▶ _WHAT IS BEING ASKED_
Drop every picture, then transcribe the remaining data exactly.

▶ _DATASET RECORDS_
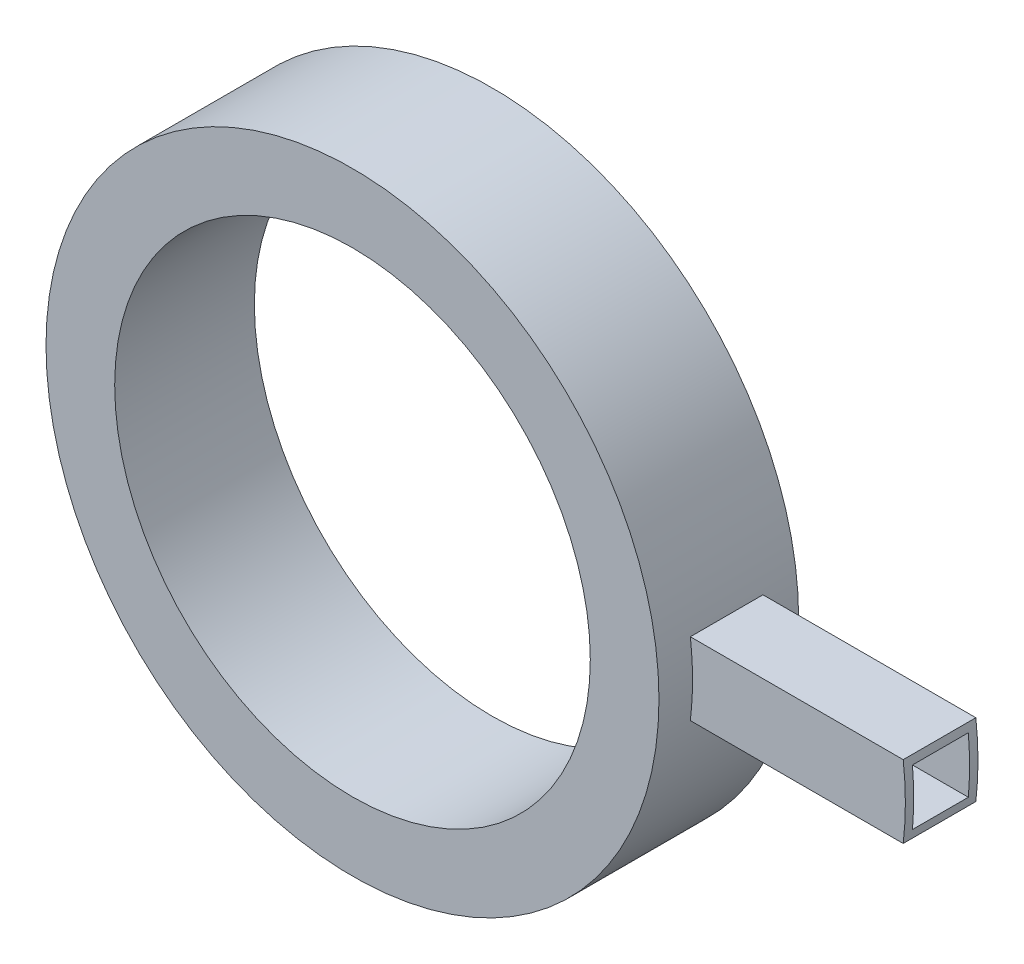
SolidWorks part; units mm, degrees
ref_plane "Front Plane" through (0, 0, 0) normal (0, 0, 1) x (1, 0, 0)
ref_plane "Top Plane" through (0, 0, 0) normal (0, 1, 0) x (1, 0, 0)
ref_plane "Right Plane" through (0, 0, 0) normal (1, 0, 0) x (0, 0, -1)
sketch "Sketch1" plane through (0, 0, 0) normal (0, 0, 1) x (1, 0, 0)
  circle A0 centre (0, 0) radius 85.1309
  circle A1 centre (0, 0) radius 109.7143
extrude "Boss-Extrude1" add sketch "Sketch1" along normal blind 50
sketch "Sketch2" plane through (0, 0, 0) normal (1, 0, 0) x (0, 0, -1)
  line L1 (-35, 10) -> (-15, 10)
  line L2 (-35, 10) -> (-35, -10)
  line L3 (-35, -10) -> (-15, -10)
  line L4 (-15, 10) -> (-15, -10)
  line L6 (-38, 13) -> (-12, 13)
  line L7 (-12, 13) -> (-12, -13)
  line L8 (-38, -13) -> (-12, -13)
  line L9 (-38, 13) -> (-38, -13)
  point P4 (-15, 0)
  point P8 (-25, 10)
  dimension "D1" = 3
extrude "Boss-Extrude2" add sketch "Sketch2" along normal blind 76.2 from surface starting at face at (109.7143, 0, 50)

▶ _RESULT FOR THIS TASK_
SolidWorks part; units mm, degrees
ref_plane "Front Plane" through (0, 0, 0) normal (0, 0, 1) x (1, 0, 0)
ref_plane "Top Plane" through (0, 0, 0) normal (0, 1, 0) x (1, 0, 0)
ref_plane "Right Plane" through (0, 0, 0) normal (1, 0, 0) x (0, 0, -1)
sketch "Sketch1" plane through (0, 0, 0) normal (0, 0, 1) x (1, 0, 0)
  circle A0 centre (0, 0) radius 85.1309
  circle A1 centre (0, 0) radius 109.7143
extrude "Boss-Extrude1" add sketch "Sketch1" along normal blind 50
sketch "Sketch2" plane through (0, 0, 0) normal (1, 0, 0) x (0, 0, -1)
  line L1 (-35, 10) -> (-15, 10)
  line L2 (-35, 10) -> (-35, -10)
  line L3 (-35, -10) -> (-15, -10)
  line L4 (-15, 10) -> (-15, -10)
  line L6 (-38, 13) -> (-12, 13)
  line L7 (-12, 13) -> (-12, -13)
  line L8 (-38, -13) -> (-12, -13)
  line L9 (-38, 13) -> (-38, -13)
  point P4 (-15, 0)
  point P8 (-25, 10)
  dimension "D1" = 3
extrude "Boss-Extrude2" add sketch "Sketch2" along normal blind 76.2 from surface starting at face at (109.7143, 0, 50)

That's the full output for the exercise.